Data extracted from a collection
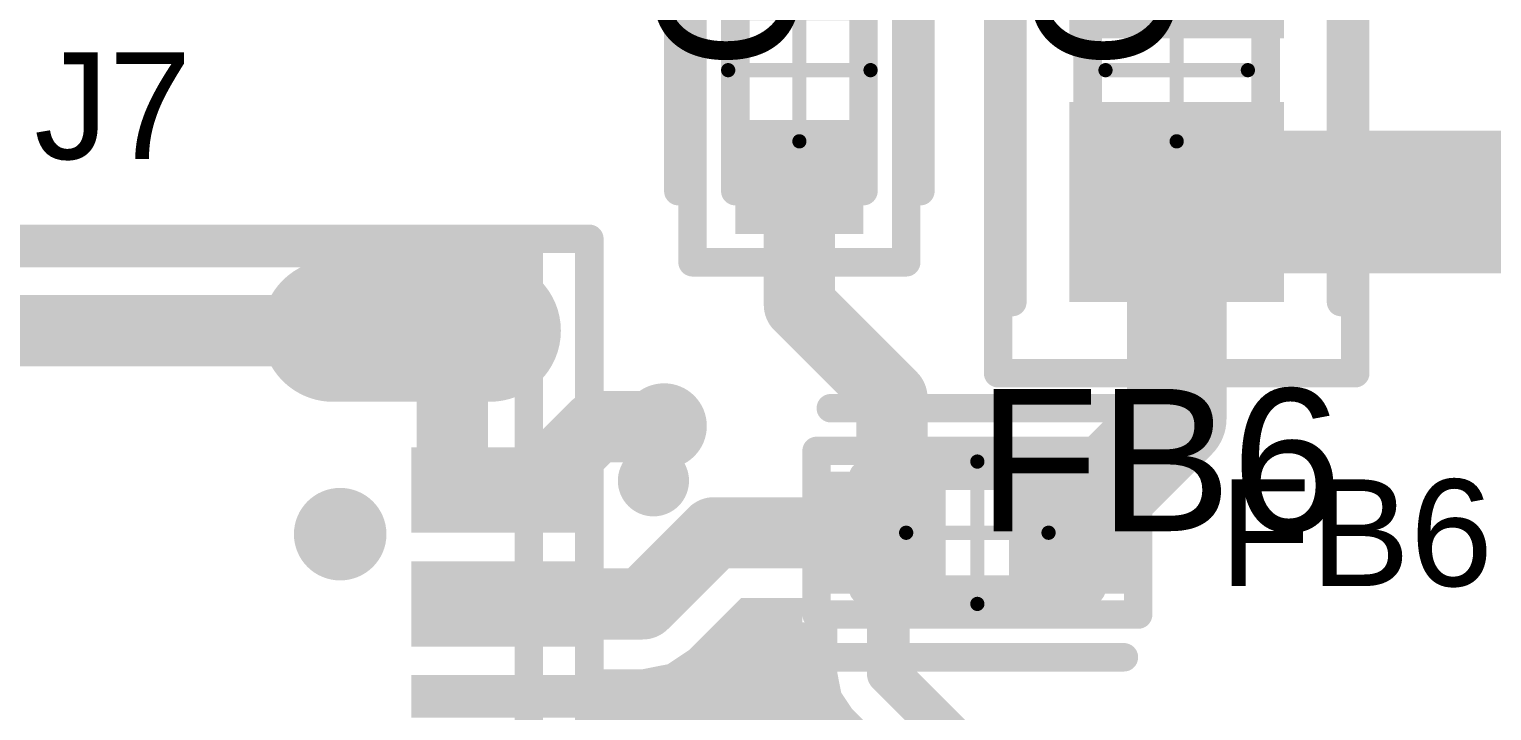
# Model space of a CAD drawing. Header units: inches. Extents: x -3 to 191, y -18 to 93.
# Drawn here: x 4.69 to 14.96, y 33.45 to 38.24 of the extents above; entities that cross this region are included whole.
import ezdxf

# ---------------------------------------------------------------- set-up
doc = ezdxf.new("R2010")
doc.units = ezdxf.units.IN
for name, color, linetype in [('Bottom Layer', 5, 'Continuous'), ('Bottom Solder', 6, 'Continuous'), ('GND 1', 90, 'Continuous'), ('GND 2', 156, 'Continuous'), ('Multi-Layer', 9, 'Continuous'), ('Pad Holes', 156, 'Continuous'), ('PWR', 16, 'Continuous'), ('Signal L4', 76, 'Continuous'), ('Top 3D Body', 56, 'Continuous'), ('Top Assembly', 216, 'Continuous'), ('Top Component Center', 56, 'Continuous'), ('Top Courtyard', 56, 'Continuous'), ('Top Layer', 1, 'Continuous'), ('Top Overlay', 2, 'Continuous'), ('Top Paste', 8, 'Continuous'), ('Top Solder', 216, 'Continuous'), ('Via Holes', 16, 'Continuous')]:
    doc.layers.add(name, color=color, linetype=linetype)
doc.styles.add('Arial', font='', dxfattribs={"height": 0.2})
doc.styles.get('Arial').set_extended_font_data('Arial')

# ---------------------------------------------------------------- blocks, each defined once
blk = doc.blocks.new('FP_USB4105_GF_A_MFG_318')
at = {"layer": 'Bottom Layer'}
h = blk.add_hatch(color=5, dxfattribs=at)
edge = h.paths.add_edge_path()
edge.add_arc((-4.32000025, 3.564999219999999), 0.499999, 90, 180)
edge.add_line((-4.81999925, 3.564999219999999), (-4.81999925, 2.46499634))
edge.add_arc((-4.32000025, 2.46499634), 0.499999, 180, 270)
edge.add_line((-4.32000025, 1.96499734), (-4.31999771, 1.96499734))
edge.add_arc((-4.31999771, 2.46499634), 0.499999, 270, 360)
edge.add_line((-3.81999871, 2.46499634), (-3.81999871, 3.564999219999999))
edge.add_arc((-4.31999771, 3.564999219999999), 0.499999, 0, 90)
edge.add_line((-4.31999771, 4.06499822), (-4.32000025, 4.06499822))
h = blk.add_hatch(color=5, dxfattribs=at)
edge = h.paths.add_edge_path()
edge.add_arc((-2.8899993, 2.51499878), 0.32500062, 0, 360)
at = {"layer": 'Bottom Solder'}
h = blk.add_hatch(color=6, dxfattribs=at)
edge = h.paths.add_edge_path()
edge.add_arc((-4.32000025, 3.564999219999999), 0.499999, 90, 180)
edge.add_line((-4.81999925, 3.564999219999999), (-4.81999925, 2.46499634))
edge.add_arc((-4.32000025, 2.46499634), 0.499999, 180, 270)
edge.add_line((-4.32000025, 1.96499734), (-4.31999771, 1.96499734))
edge.add_arc((-4.31999771, 2.46499634), 0.499999, 270, 360)
edge.add_line((-3.81999871, 2.46499634), (-3.81999871, 3.564999219999999))
edge.add_arc((-4.31999771, 3.564999219999999), 0.499999, 0, 90)
edge.add_line((-4.31999771, 4.06499822), (-4.32000025, 4.06499822))
h = blk.add_hatch(color=6, dxfattribs=at)
edge = h.paths.add_edge_path()
edge.add_arc((-2.8899993, 2.51499878), 0.32500062, 0, 360)
at = {"layer": 'GND 1'}
h = blk.add_hatch(color=90, dxfattribs=at)
edge = h.paths.add_edge_path()
edge.add_arc((-4.32000025, 3.564999219999999), 0.499999, 90, 180)
edge.add_line((-4.81999925, 3.564999219999999), (-4.81999925, 2.46499634))
edge.add_arc((-4.32000025, 2.46499634), 0.499999, 180, 270)
edge.add_line((-4.32000025, 1.96499734), (-4.31999771, 1.96499734))
edge.add_arc((-4.31999771, 2.46499634), 0.499999, 270, 360)
edge.add_line((-3.81999871, 2.46499634), (-3.81999871, 3.564999219999999))
edge.add_arc((-4.31999771, 3.564999219999999), 0.499999, 0, 90)
edge.add_line((-4.31999771, 4.06499822), (-4.32000025, 4.06499822))
h = blk.add_hatch(color=90, dxfattribs=at)
edge = h.paths.add_edge_path()
edge.add_arc((-2.8899993, 2.51499878), 0.32500062, 0, 360)
at = {"layer": 'GND 2'}
h = blk.add_hatch(color=156, dxfattribs=at)
edge = h.paths.add_edge_path()
edge.add_arc((-4.32000025, 3.564999219999999), 0.499999, 90, 180)
edge.add_line((-4.81999925, 3.564999219999999), (-4.81999925, 2.46499634))
edge.add_arc((-4.32000025, 2.46499634), 0.499999, 180, 270)
edge.add_line((-4.32000025, 1.96499734), (-4.31999771, 1.96499734))
edge.add_arc((-4.31999771, 2.46499634), 0.499999, 270, 360)
edge.add_line((-3.81999871, 2.46499634), (-3.81999871, 3.564999219999999))
edge.add_arc((-4.31999771, 3.564999219999999), 0.499999, 0, 90)
edge.add_line((-4.31999771, 4.06499822), (-4.32000025, 4.06499822))
h = blk.add_hatch(color=156, dxfattribs=at)
edge = h.paths.add_edge_path()
edge.add_arc((-2.8899993, 2.51499878), 0.32500062, 0, 360)
at = {"layer": 'Multi-Layer'}
h = blk.add_hatch(color=9, dxfattribs=at)
edge = h.paths.add_edge_path()
edge.add_arc((-4.32000025, 3.564999219999999), 0.499999, 90, 180)
edge.add_line((-4.81999925, 3.564999219999999), (-4.81999925, 2.46499634))
edge.add_arc((-4.32000025, 2.46499634), 0.499999, 180, 270)
edge.add_line((-4.32000025, 1.96499734), (-4.31999771, 1.96499734))
edge.add_arc((-4.31999771, 2.46499634), 0.499999, 270, 360)
edge.add_line((-3.81999871, 2.46499634), (-3.81999871, 3.564999219999999))
edge.add_arc((-4.31999771, 3.564999219999999), 0.499999, 0, 90)
edge.add_line((-4.31999771, 4.06499822), (-4.32000025, 4.06499822))
h = blk.add_hatch(color=9, dxfattribs=at)
edge = h.paths.add_edge_path()
edge.add_arc((-2.8899993, 2.51499878), 0.32500062, 0, 360)
at = {"layer": 'Pad Holes'}
h = blk.add_hatch(color=7, dxfattribs=at)
edge = h.paths.add_edge_path()
edge.add_arc((-4.319998979999999, 2.46499761), 0.2999994, 180, 360)
edge.add_line((-4.01999958, 2.46499761), (-4.01999958, 3.56499795))
edge.add_arc((-4.319998979999999, 3.56499795), 0.2999994, 0, 180)
edge.add_line((-4.619998379999999, 3.56499795), (-4.619998379999999, 2.46499761))
h = blk.add_hatch(color=7, dxfattribs=at)
edge = h.paths.add_edge_path()
edge.add_arc((-2.8899993, 2.51499878), 0.32500062, 0, 360)
at = {"layer": 'PWR'}
h = blk.add_hatch(color=16, dxfattribs=at)
edge = h.paths.add_edge_path()
edge.add_arc((-4.32000025, 3.564999219999999), 0.499999, 90, 180)
edge.add_line((-4.81999925, 3.564999219999999), (-4.81999925, 2.46499634))
edge.add_arc((-4.32000025, 2.46499634), 0.499999, 180, 270)
edge.add_line((-4.32000025, 1.96499734), (-4.31999771, 1.96499734))
edge.add_arc((-4.31999771, 2.46499634), 0.499999, 270, 360)
edge.add_line((-3.81999871, 2.46499634), (-3.81999871, 3.564999219999999))
edge.add_arc((-4.31999771, 3.564999219999999), 0.499999, 0, 90)
edge.add_line((-4.31999771, 4.06499822), (-4.32000025, 4.06499822))
h = blk.add_hatch(color=16, dxfattribs=at)
edge = h.paths.add_edge_path()
edge.add_arc((-2.8899993, 2.51499878), 0.32500062, 0, 360)
at = {"layer": 'Signal L4'}
h = blk.add_hatch(color=76, dxfattribs=at)
edge = h.paths.add_edge_path()
edge.add_arc((-4.32000025, 3.564999219999999), 0.499999, 90, 180)
edge.add_line((-4.81999925, 3.564999219999999), (-4.81999925, 2.46499634))
edge.add_arc((-4.32000025, 2.46499634), 0.499999, 180, 270)
edge.add_line((-4.32000025, 1.96499734), (-4.31999771, 1.96499734))
edge.add_arc((-4.31999771, 2.46499634), 0.499999, 270, 360)
edge.add_line((-3.81999871, 2.46499634), (-3.81999871, 3.564999219999999))
edge.add_arc((-4.31999771, 3.564999219999999), 0.499999, 0, 90)
edge.add_line((-4.31999771, 4.06499822), (-4.32000025, 4.06499822))
h = blk.add_hatch(color=76, dxfattribs=at)
edge = h.paths.add_edge_path()
edge.add_arc((-2.8899993, 2.51499878), 0.32500062, 0, 360)
at = {"layer": 'Top Layer'}
for points in [[(-3.50000062, 4.165000559999999), (-2.90000182, 4.165000559999999), (-2.90000182, 3.01500032), (-3.50000062, 3.01500032)], [(-2.69999968, 4.165000559999999), (-2.10000088, 4.165000559999999), (-2.10000088, 3.01500032), (-2.69999968, 3.01500032)], [(-1.89999874, 4.165000559999999), (-1.59999934, 4.165000559999999), (-1.59999934, 3.01500032), (-1.89999874, 3.01500032)]]:
    blk.add_hatch(color=1, dxfattribs=at).paths.add_polyline_path(points)
h = blk.add_hatch(color=1, dxfattribs=at)
edge = h.paths.add_edge_path()
edge.add_arc((-4.32000025, 3.564999219999999), 0.499999, 90, 180)
edge.add_line((-4.81999925, 3.564999219999999), (-4.81999925, 2.46499634))
edge.add_arc((-4.32000025, 2.46499634), 0.499999, 180, 270)
edge.add_line((-4.32000025, 1.96499734), (-4.31999771, 1.96499734))
edge.add_arc((-4.31999771, 2.46499634), 0.499999, 270, 360)
edge.add_line((-3.81999871, 2.46499634), (-3.81999871, 3.564999219999999))
edge.add_arc((-4.31999771, 3.564999219999999), 0.499999, 0, 90)
edge.add_line((-4.31999771, 4.06499822), (-4.32000025, 4.06499822))
h = blk.add_hatch(color=1, dxfattribs=at)
edge = h.paths.add_edge_path()
edge.add_arc((-2.8899993, 2.51499878), 0.32500062, 0, 360)
at = {"layer": 'Top Paste'}
for points in [[(-3.50000062, 4.165000559999999), (-2.90000182, 4.165000559999999), (-2.90000182, 3.01500032), (-3.50000062, 3.01500032)], [(-2.69999968, 4.165000559999999), (-2.10000088, 4.165000559999999), (-2.10000088, 3.01500032), (-2.69999968, 3.01500032)], [(-1.89999874, 4.165000559999999), (-1.59999934, 4.165000559999999), (-1.59999934, 3.01500032), (-1.89999874, 3.01500032)]]:
    blk.add_hatch(color=8, dxfattribs=at).paths.add_polyline_path(points)
at = {"layer": 'Top Solder'}
for points in [[(-3.50000062, 4.165000559999999), (-2.90000182, 4.165000559999999), (-2.90000182, 3.01500032), (-3.50000062, 3.01500032)], [(-2.69999968, 4.165000559999999), (-2.10000088, 4.165000559999999), (-2.10000088, 3.01500032), (-2.69999968, 3.01500032)], [(-1.89999874, 4.165000559999999), (-1.59999934, 4.165000559999999), (-1.59999934, 3.01500032), (-1.89999874, 3.01500032)]]:
    blk.add_hatch(color=216, dxfattribs=at).paths.add_polyline_path(points)
h = blk.add_hatch(color=216, dxfattribs=at)
edge = h.paths.add_edge_path()
edge.add_arc((-4.32000025, 3.564999219999999), 0.499999, 90, 180)
edge.add_line((-4.81999925, 3.564999219999999), (-4.81999925, 2.46499634))
edge.add_arc((-4.32000025, 2.46499634), 0.499999, 180, 270)
edge.add_line((-4.32000025, 1.96499734), (-4.31999771, 1.96499734))
edge.add_arc((-4.31999771, 2.46499634), 0.499999, 270, 360)
edge.add_line((-3.81999871, 2.46499634), (-3.81999871, 3.564999219999999))
edge.add_arc((-4.31999771, 3.564999219999999), 0.499999, 0, 90)
edge.add_line((-4.31999771, 4.06499822), (-4.32000025, 4.06499822))
h = blk.add_hatch(color=216, dxfattribs=at)
edge = h.paths.add_edge_path()
edge.add_arc((-2.8899993, 2.51499878), 0.32500062, 0, 360)
at = {"layer": 'Top 3D Body'}
for points in [[(-4.86499916, -3.83999994, 0.1999996, 0.1999996, 0), (-4.86499916, 3.83999994, 0.1999996, 0.1999996, 0)], [(4.86499916, 3.83999994, 0.1999996, 0.1999996, 0), (-4.86499916, 3.83999994, 0.1999996, 0.1999996, 0)]]:
    blk.add_lwpolyline(points, format="xyseb", dxfattribs=at)
blk.add_lwpolyline([(-4.91499906, 3.83999994, 0.0999998, 0.0999998, 1), (-4.81499926, 3.83999994, 0.0999998, 0.0999998, 1)], format="xyseb", close=True, dxfattribs=at)
blk.add_lwpolyline([(-4.91499906, 3.83999994, 0.0999998, 0.0999998, 1), (-4.81499926, 3.83999994, 0.0999998, 0.0999998, 1)], format="xyseb", close=True, dxfattribs=at)
at = {"layer": 'Top Assembly'}
for points in [[(-4.964998959999999, -3.93999974, 0.1999996, 0.1999996, 0), (-4.964998959999999, 4.265000359999999, 0.1999996, 0.1999996, 0)], [(4.964998959999999, 4.265000359999999, 0.1999996, 0.1999996, 0), (-4.964998959999999, 4.265000359999999, 0.1999996, 0.1999996, 0)]]:
    blk.add_lwpolyline(points, format="xyseb", dxfattribs=at)
blk.add_lwpolyline([(-5.01499886, 4.265000359999999, 0.0999998, 0.0999998, 1), (-4.91499906, 4.265000359999999, 0.0999998, 0.0999998, 1)], format="xyseb", close=True, dxfattribs=at)
blk.add_lwpolyline([(-5.01499886, 4.265000359999999, 0.0999998, 0.0999998, 1), (-4.91499906, 4.265000359999999, 0.0999998, 0.0999998, 1)], format="xyseb", close=True, dxfattribs=at)
at = {"layer": 'Top Courtyard'}
for points in [[(-4.964998959999999, -3.93999974, 0.1999996, 0.1999996, 0), (-4.964998959999999, 4.265000359999999, 0.1999996, 0.1999996, 0)], [(4.964998959999999, 4.265000359999999, 0.1999996, 0.1999996, 0), (-4.964998959999999, 4.265000359999999, 0.1999996, 0.1999996, 0)]]:
    blk.add_lwpolyline(points, format="xyseb", dxfattribs=at)
blk.add_lwpolyline([(-5.01499886, 4.265000359999999, 0.0999998, 0.0999998, 1), (-4.91499906, 4.265000359999999, 0.0999998, 0.0999998, 1)], format="xyseb", close=True, dxfattribs=at)
blk.add_lwpolyline([(-5.01499886, 4.265000359999999, 0.0999998, 0.0999998, 1), (-4.91499906, 4.265000359999999, 0.0999998, 0.0999998, 1)], format="xyseb", close=True, dxfattribs=at)
at = {"layer": 'Top Overlay'}
for points in [[(-3.1399988, 4.71499946, 0.2499995, 0.2499995, 1), (-3.390000839999999, 4.71499946, 0.2499995, 0.2499995, 1)], [(-3.45250008, 4.71499946, 0.12499848, 0.12499848, 1), (-3.3275016, 4.71499946, 0.12499848, 0.12499848, 1)], [(-3.20249804, 4.71499946, 0.12499848, 0.12499848, 1), (-3.07749956, 4.71499946, 0.12499848, 0.12499848, 1)], [(-4.91499906, 1.58999936, 0.0999998, 0.0999998, 1), (-4.81499926, 1.58999936, 0.0999998, 0.0999998, 1)]]:
    blk.add_lwpolyline(points, format="xyseb", close=True, dxfattribs=at)
blk.add_lwpolyline([(-4.86499916, 0.10999978, 0.1999996, 0.1999996, 0), (-4.86499916, 1.58999936, 0.1999996, 0.1999996, 0)], format="xyseb", dxfattribs=at)
blk = doc.blocks.new('FP_MPZ1608_0_8_IPC_C_325')
at = {"layer": 'Top Layer'}
for points in [[(-1.02911021, 0.4291101399999999), (-0.22305391, 0.4291101399999999), (-0.22305391, -0.4291101399999999), (-1.02911021, -0.4291101399999999)], [(0.22305391, 0.4291101399999999), (1.02911021, 0.4291101399999999), (1.02911021, -0.4291101399999999), (0.22305391, -0.4291101399999999)]]:
    blk.add_hatch(color=1, dxfattribs=at).paths.add_polyline_path(points)
at = {"layer": 'Top Paste'}
for points in [[(-1.02911021, 0.4291101399999999), (-0.22305391, 0.4291101399999999), (-0.22305391, -0.4291101399999999), (-1.02911021, -0.4291101399999999)], [(0.22305391, 0.4291101399999999), (1.02911021, 0.4291101399999999), (1.02911021, -0.4291101399999999), (0.22305391, -0.4291101399999999)]]:
    blk.add_hatch(color=8, dxfattribs=at).paths.add_polyline_path(points)
at = {"layer": 'Top Solder'}
for points in [[(-1.02911021, 0.4291101399999999), (-0.22305391, 0.4291101399999999), (-0.22305391, -0.4291101399999999), (-1.02911021, -0.4291101399999999)], [(0.22305391, 0.4291101399999999), (1.02911021, 0.4291101399999999), (1.02911021, -0.4291101399999999), (0.22305391, -0.4291101399999999)]]:
    blk.add_hatch(color=216, dxfattribs=at).paths.add_polyline_path(points)
at = {"layer": 'Top 3D Body'}
for points in [[(-0.8000009399999999, 0.3999992, 0.1999996, 0.1999996, 0), (0.8000009399999999, 0.3999992, 0.1999996, 0.1999996, 0)], [(-0.8000009399999999, -0.3999992, 0.1999996, 0.1999996, 0), (-0.8000009399999999, 0.3999992, 0.1999996, 0.1999996, 0)], [(0.8000009399999999, -0.3999992, 0.1999996, 0.1999996, 0), (0.8000009399999999, 0.3999992, 0.1999996, 0.1999996, 0)], [(-0.8000009399999999, -0.3999992, 0.1999996, 0.1999996, 0), (0.8000009399999999, -0.3999992, 0.1999996, 0.1999996, 0)]]:
    blk.add_lwpolyline(points, format="xyseb", dxfattribs=at)
for points in [[(-0.8500008399999999, 0.3999992, 0.0999998, 0.0999998, 1), (-0.75000104, 0.3999992, 0.0999998, 0.0999998, 1)], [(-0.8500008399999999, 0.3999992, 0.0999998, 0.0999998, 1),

• **What is being asked**
Copy every line above that holds the word "linetype".

• **Your response**
for name, color, linetype in [('Bottom Layer', 5, 'Continuous'), ('Bottom Solder', 6, 'Continuous'), ('GND 1', 90, 'Continuous'), ('GND 2', 156, 'Continuous'), ('Multi-Layer', 9, 'Continuous'), ('Pad Holes', 156, 'Continuous'), ('PWR', 16, 'Continuous'), ('Signal L4', 76, 'Continuous'), ('Top 3D Body', 56, 'Continuous'), ('Top Assembly', 216, 'Continuous'), ('Top Component Center', 56, 'Continuous'), ('Top Courtyard', 56, 'Continuous'), ('Top Layer', 1, 'Continuous'), ('Top Overlay', 2, 'Continuous'), ('Top Paste', 8, 'Continuous'), ('Top Solder', 216, 'Continuous'), ('Via Holes', 16, 'Continuous')]:
    doc.layers.add(name, color=color, linetype=linetype)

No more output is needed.